Downstream dashboards refresh within SLA (< 5 s load time) after transformation runs complete.
Semantic-layer metrics are the single source of truth -- no ad-hoc metric calculations exist in BI tools.

Scope & Limitations

In scope: dbt project design, dimensional modeling (Kimball methodology), SQL transformation logic, data testing, semantic-layer metric definition, CI/CD for dbt, and warehouse query optimization.

Out of scope: Raw data ingestion and extraction (ELT/ETL orchestration tools like Fivetran or Airbyte), data infrastructure provisioning, BI tool configuration beyond semantic-layer integration, and real-time streaming pipelines.
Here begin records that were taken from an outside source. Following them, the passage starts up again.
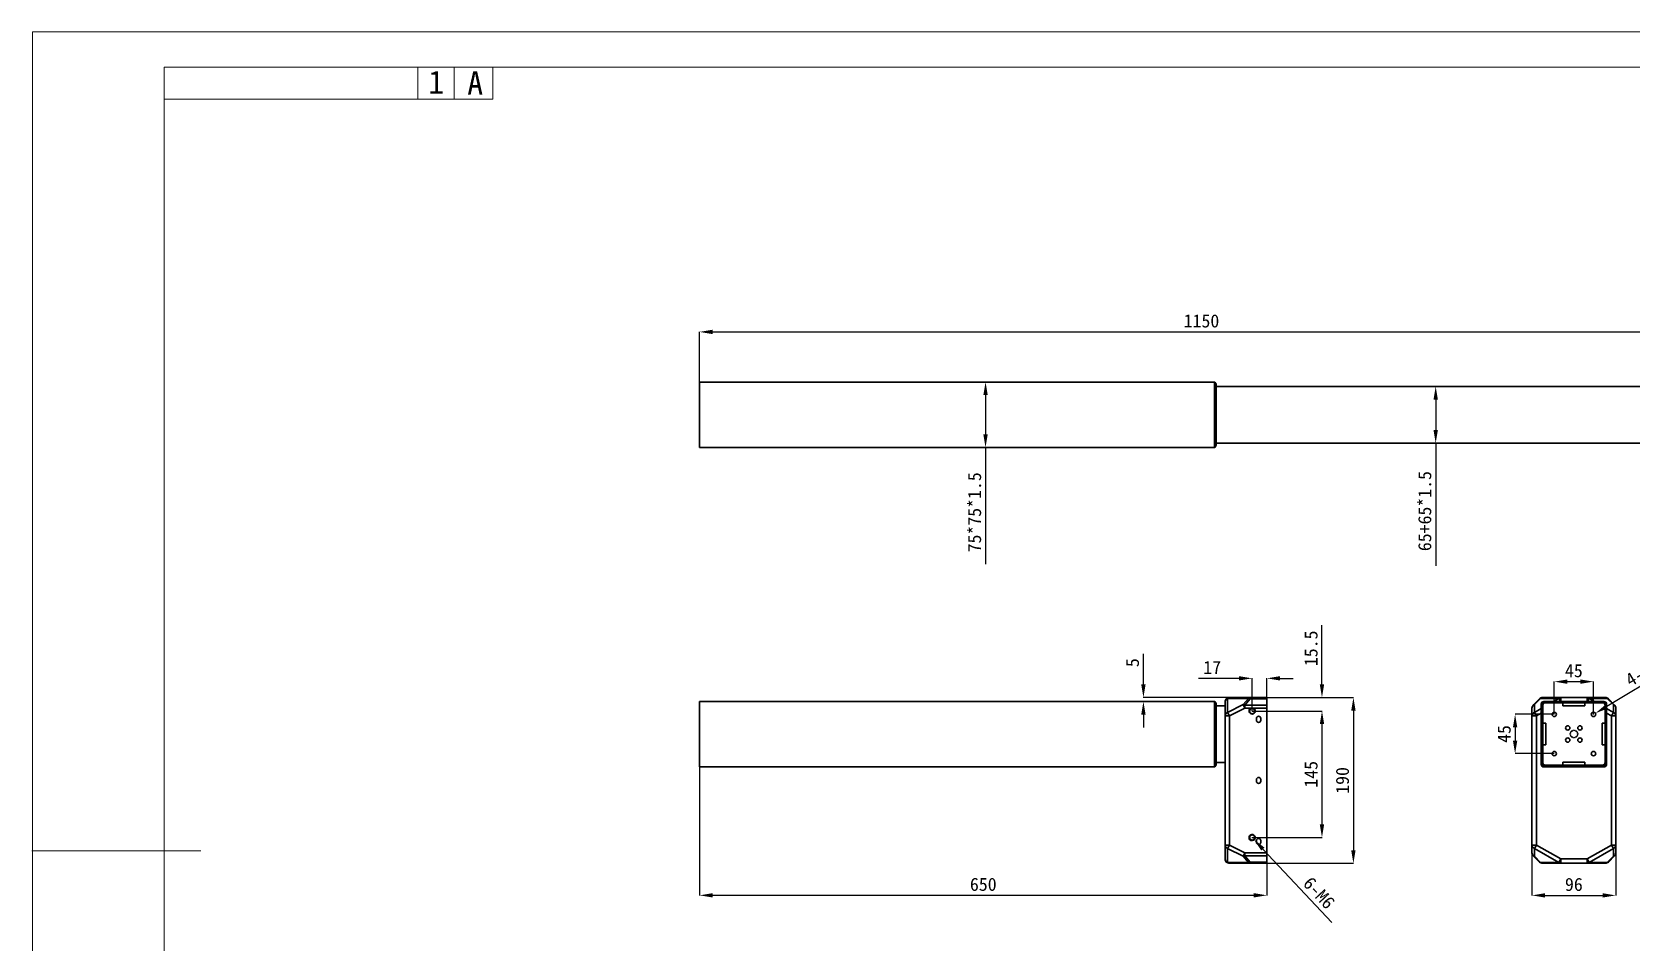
# Model space of a CAD drawing. Header units: millimetres. Extents: x -1 to 2869, y -1 to 1989.
# Drawn here: x -1 to 1832, y 946 to 1989 of the extents above; entities that cross this region are included whole.
import ezdxf

# ---------------------------------------------------------------- set-up
doc = ezdxf.new("R2010")
doc.units = ezdxf.units.MM
doc.layers.get('0').update_dxf_attribs({"lineweight": 18})
for name, color, linetype, lineweight in [('1粗实线层', 7, 'Continuous', 25), ('DS5外管590MM_DXF_CONTINUOUS_LINE', 7, 'Continuous', 18), ('中管_DXF_CONTINUOUS_LINE', 7, 'Continuous', 18), ('外管保持架新_DXF_CONTINUOUS_LINE', 7, 'Continuous', 18), ('常规3MM底盒_DXF_CONTINUOUS_LINE', 7, 'Continuous', 18), ('新顶板_DXF_CONTINUOUS_LINE', 7, 'Continuous', 18)]:
    doc.layers.add(name, color=color, linetype=linetype, lineweight=lineweight)
doc.dimstyles.get("Standard").update_dxf_attribs({"dimtxt": 15, "dimasz": 15, "dimexe": 0.18, "dimexo": 0.0625, "dimgap": 5, "dimtad": 1, "dimdec": 0, "dimzin": 0, "dimdsep": 46, "dimtxsty": 'Standard', "dimcen": 0.09, "dimdle": 30, "dimadec": 0, "dimazin": 0, "dimtfac": 1, "dimtdec": 4, "dimtofl": 0, "dimtmove": 0, "dimatfit": 3, "dimfxl": 1, "dimtolj": 1, "dimarcsym": 0})

# ---------------------------------------------------------------- blocks, each defined once
blk = doc.blocks.new('*X3')
at = {"layer": '1粗实线层', "lineweight": 15}
for points in [[(779.4, 1647.8), (779.4, 1642.8), (764.4, 1645.3)], [(1899.4, 1642.8), (1899.4, 1647.8), (1914.4, 1645.3)]]:
    blk.add_hatch(color=0, dxfattribs=at).paths.add_polyline_path(points, flags=0)
at = {"layer": '1粗实线层', "color": 0, "lineweight": -2}
for p, q in [((764.4, 1569.1), (764.4, 1645.5)), ((779.4, 1645.3), (1899.4, 1645.3)), ((1914.4, 1569.1), (1914.4, 1645.5))]:
    blk.add_line(p, q, dxfattribs=at)
at = {"layer": '1粗实线层', "color": 0, "lineweight": 15, "insert": (1339.4, 1657.8), "char_height": 15, "width": 78.771, "attachment_point": 5}
blk.add_mtext('1150', dxfattribs=at)
blk = doc.blocks.new('*X4')
at = {"layer": '1粗实线层', "lineweight": 15}
for points in [[(1094.5, 1572.8), (1089.5, 1572.8), (1092, 1587.8)], [(1089.5, 1527.8), (1094.5, 1527.8), (1092, 1512.8)]]:
    blk.add_hatch(color=0, dxfattribs=at).paths.add_polyline_path(points, flags=0)
at = {"layer": '1粗实线层', "color": 0, "lineweight": -2}
for p, q in [((1102.6, 1587.8), (1091.8, 1587.8)), ((1092, 1572.8), (1092, 1527.8)), ((1102.6, 1512.8), (1091.8, 1512.8)), ((1092, 1512.8), (1092, 1379.2))]:
    blk.add_line(p, q, dxfattribs=at)
at = {"layer": '1粗实线层', "color": 0, "lineweight": 15, "insert": (1079.5, 1438.5), "char_height": 15, "width": 187.709, "attachment_point": 5, "rotation": 90}
blk.add_mtext('75*75*1.5', dxfattribs=at)
blk = doc.blocks.new('*X5')
at = {"layer": '1粗实线层', "lineweight": 15}
for points in [[(1610.3, 1567.8), (1605.3, 1567.8), (1607.8, 1582.8)], [(1605.3, 1532.8), (1610.3, 1532.8), (1607.8, 1517.8)]]:
    blk.add_hatch(color=0, dxfattribs=at).paths.add_polyline_path(points, flags=0)
at = {"layer": '1粗实线层', "color": 0, "lineweight": -2}
for p, q in [((1556.9, 1582.8), (1608, 1582.8)), ((1607.8, 1567.8), (1607.8, 1532.8)), ((1556.9, 1517.8), (1608, 1517.8)), ((1607.8, 1517.8), (1607.8, 1377))]:
    blk.add_line(p, q, dxfattribs=at)
at = {"layer": '1粗实线层', "color": 0, "lineweight": 15, "insert": (1595.3, 1439.9), "char_height": 15, "width": 188.38, "attachment_point": 5, "rotation": 90}
blk.add_mtext('65+65*1.5', dxfattribs=at)
blk = doc.blocks.new('*X6')
at = {"layer": '1粗实线层', "lineweight": 15}
for points in [[(779.4, 1002), (779.4, 997), (764.4, 999.5)], [(1399.4, 997), (1399.4, 1002), (1414.4, 999.5)]]:
    blk.add_hatch(color=0, dxfattribs=at).paths.add_polyline_path(points, flags=0)
at = {"layer": '1粗实线层', "color": 0, "lineweight": -2}
for p, q in [((764.4, 1184.1), (764.4, 999.3)), ((1414.4, 1036.1), (1414.4, 999.3)), ((779.4, 999.5), (1399.4, 999.5))]:
    blk.add_line(p, q, dxfattribs=at)
at = {"layer": '1粗实线层', "color": 0, "lineweight": 15, "insert": (1089.4, 1012), "char_height": 15, "width": 60.168, "attachment_point": 5}
blk.add_mtext('650', dxfattribs=at)
blk = doc.blocks.new('*X7')
at = {"layer": '1粗实线层', "lineweight": 15}
blk.add_hatch(color=0, dxfattribs=at).paths.add_polyline_path([(1411.6, 1054.2), (1407.9, 1050.8), (1399.5, 1063.5)], flags=0)
at = {"layer": '1粗实线层', "color": 0, "lineweight": -2}
for p, q in [((1397.3, 1065.7), (1397.5, 1065.7)), ((1397.4, 1065.6), (1397.4, 1065.7)), ((1488.7, 968.5), (1409.7, 1052.5))]:
    blk.add_line(p, q, dxfattribs=at)
at = {"layer": '1粗实线层', "color": 0, "lineweight": 15, "insert": (1474.1, 1002.3), "char_height": 15, "width": 81.62, "attachment_point": 5, "rotation": 313.2281}
blk.add_mtext('6-M6', dxfattribs=at)
blk = doc.blocks.new('*X8')
at = {"layer": '1粗实线层', "lineweight": 15}
for points in [[(1480, 1195.7), (1475, 1195.7), (1477.5, 1210.7)], [(1475, 1080.7), (1480, 1080.7), (1477.5, 1065.7)]]:
    blk.add_hatch(color=0, dxfattribs=at).paths.add_polyline_path(points, flags=0)
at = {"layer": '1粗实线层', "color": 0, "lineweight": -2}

Limitations: The Python tools operate on dbt manifest/catalog JSON artifacts and do not query the warehouse directly. Scoring heuristics in

quality_scorer.py

use rule-based deductions that may not cover every project convention. All scripts use the Python standard library only -- no external dependencies required.

Integration Points

Data Engineer (
```
engineering/senior-data-engineer
```
): Coordinates on source table contracts, ingestion SLAs, and schema change notifications.
Business Intelligence (
```
data-analytics/business-intelligence
```
): Consumes mart models and semantic-layer metrics; dashboard specs reference model outputs.
Data Analyst (
```
data-analytics/data-analyst
```
): Writes ad-hoc queries against mart models; reports data quality issues back to the analytics engineer.
MLOps Engineer (
```
data-analytics/ml-ops-engineer
```
): Feature engineering pipelines may depend on intermediate or mart models as upstream inputs.
CI/CD Workflows (
```
templates/
```
): Slim CI patterns (
```
state:modified+
```
) integrate into GitHub Actions or similar runners for automated PR validation.